Encouraged by Thomas Blamey, who had been impressed by the Sturt painting and with a promise of support for his artistic career, Hele enlisted as a private soldier in the 2nd AIF and in June 1940 sailed for the Middle East with the 2/48th Battalion, 9th Australian Division. On 9 January 1941 Blamey met him personally; he was promoted to lieutenant with responsibilities as a war artist, given a truck and batman-driver and instructed to join the 6th Division in its push to Tobruk.

In around June 1941, he joined the Military History and Information Section of the AIF, under J. L. Treloar, which had a studio in Heliopolis, which he shared with Lyndon Dadswell and John Dowie.
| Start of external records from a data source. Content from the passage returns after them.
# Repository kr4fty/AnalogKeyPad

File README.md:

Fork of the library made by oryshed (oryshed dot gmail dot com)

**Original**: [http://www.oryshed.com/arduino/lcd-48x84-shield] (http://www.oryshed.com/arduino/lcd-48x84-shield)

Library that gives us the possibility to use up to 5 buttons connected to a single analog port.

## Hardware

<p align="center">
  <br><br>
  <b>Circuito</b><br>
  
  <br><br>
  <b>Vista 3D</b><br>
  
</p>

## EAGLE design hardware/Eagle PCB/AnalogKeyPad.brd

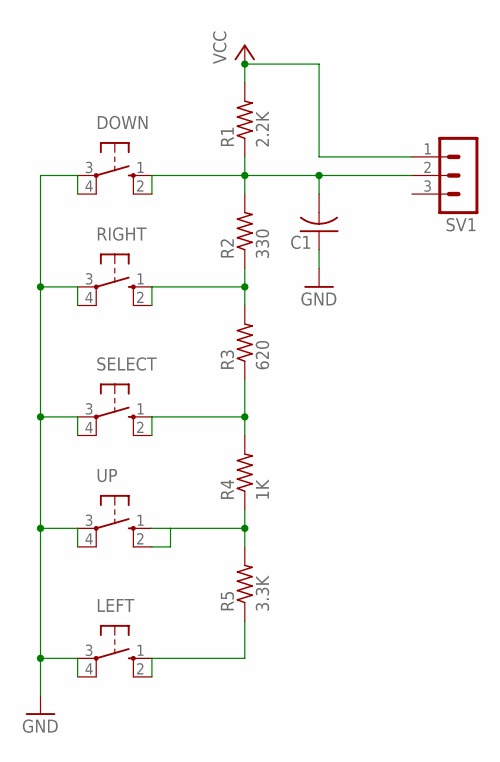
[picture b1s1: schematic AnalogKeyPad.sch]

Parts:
C1: C-US050-024X044; C050-024X044
DOWN: 10-XX; B3F-10XX
LEFT: 10-XX; B3F-10XX
R1: 2.2K; 0207/7
R2: 330; 0207/7
R3: 620; 0207/7
R4: 1K; 0207/7
R5: 3.3K; 0207/7
RIGHT: 10-XX; B3F-10XX
SELECT: 10-XX; B3F-10XX
SV1: MA03-1
UP: 10-XX; B3F-10XX

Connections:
A0: C1.2, DOWN.1 (S), DOWN.2 (S1), R1.1, R2.2, SV1.2
GND: C1.1, DOWN.3, DOWN.4 (P1), LEFT.3, LEFT.4 (P1), RIGHT.3, RIGHT.4 (P1), SELECT.3, SELECT.4 (P1), UP.3, UP.4 (P1)
unnamed: R2.1, R3.2, RIGHT.1 (S), RIGHT.2 (S1)
unnamed: LEFT.1 (S), LEFT.2 (S1), R5.1
unnamed: R3.1, R4.2, SELECT.1 (S), SELECT.2 (S1)
unnamed: R4.1, R5.2, UP.1 (S), UP.2 (S1)
VCC: R1.2, SV1.1

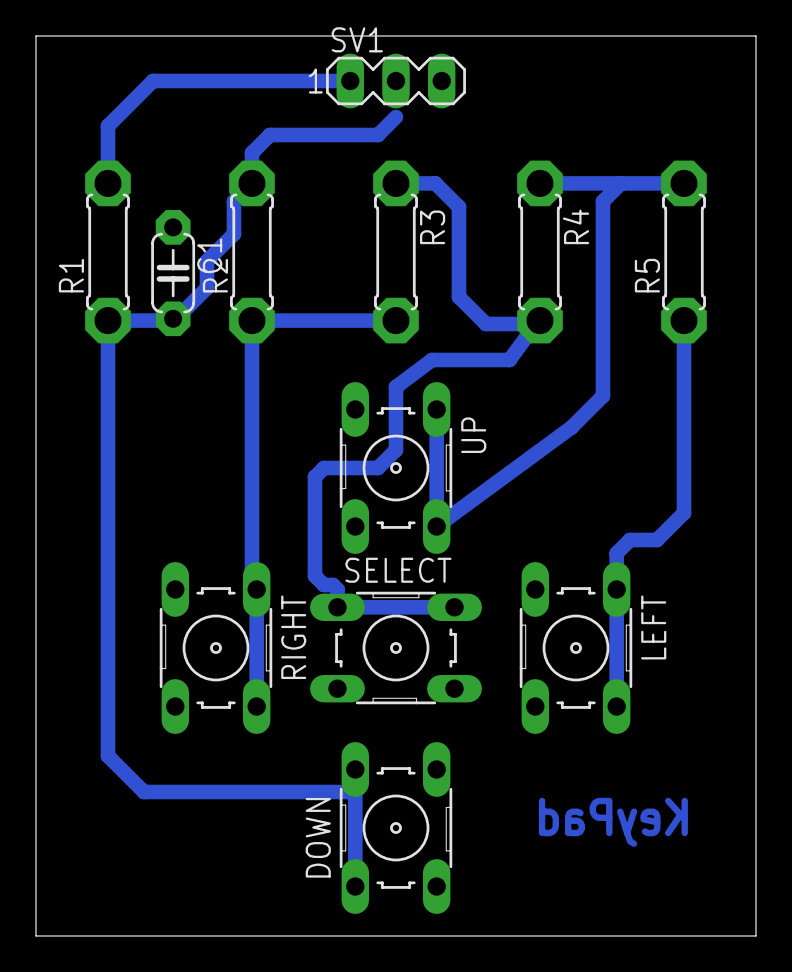
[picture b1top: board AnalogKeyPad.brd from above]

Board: 2 copper layers, 40.0 x 50.0 mm, 12 parts (0 on the bottom side), 7 nets.

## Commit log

2017-03-02 hardware
2017-06-01 update schematic
2017-06-01 add .gitattributes
2017-07-10 update hardware

Hele was appointed an official war artist on 11 October 1941 with the rank of captain. He returned to Australia with the 6th and 7th Divisions and, by April, was back at Aldinga, where he started his ambitious series of paintings based on his extensive portfolio of sketches and paintings, many of which had been accidentally ruined in transit. Treloar, impatient with Hele's slow progress, called on Louis McCubbin, director of the Art Gallery of South Australia, to investigate. McCubbin expressed his satisfaction and Treloar was mollified.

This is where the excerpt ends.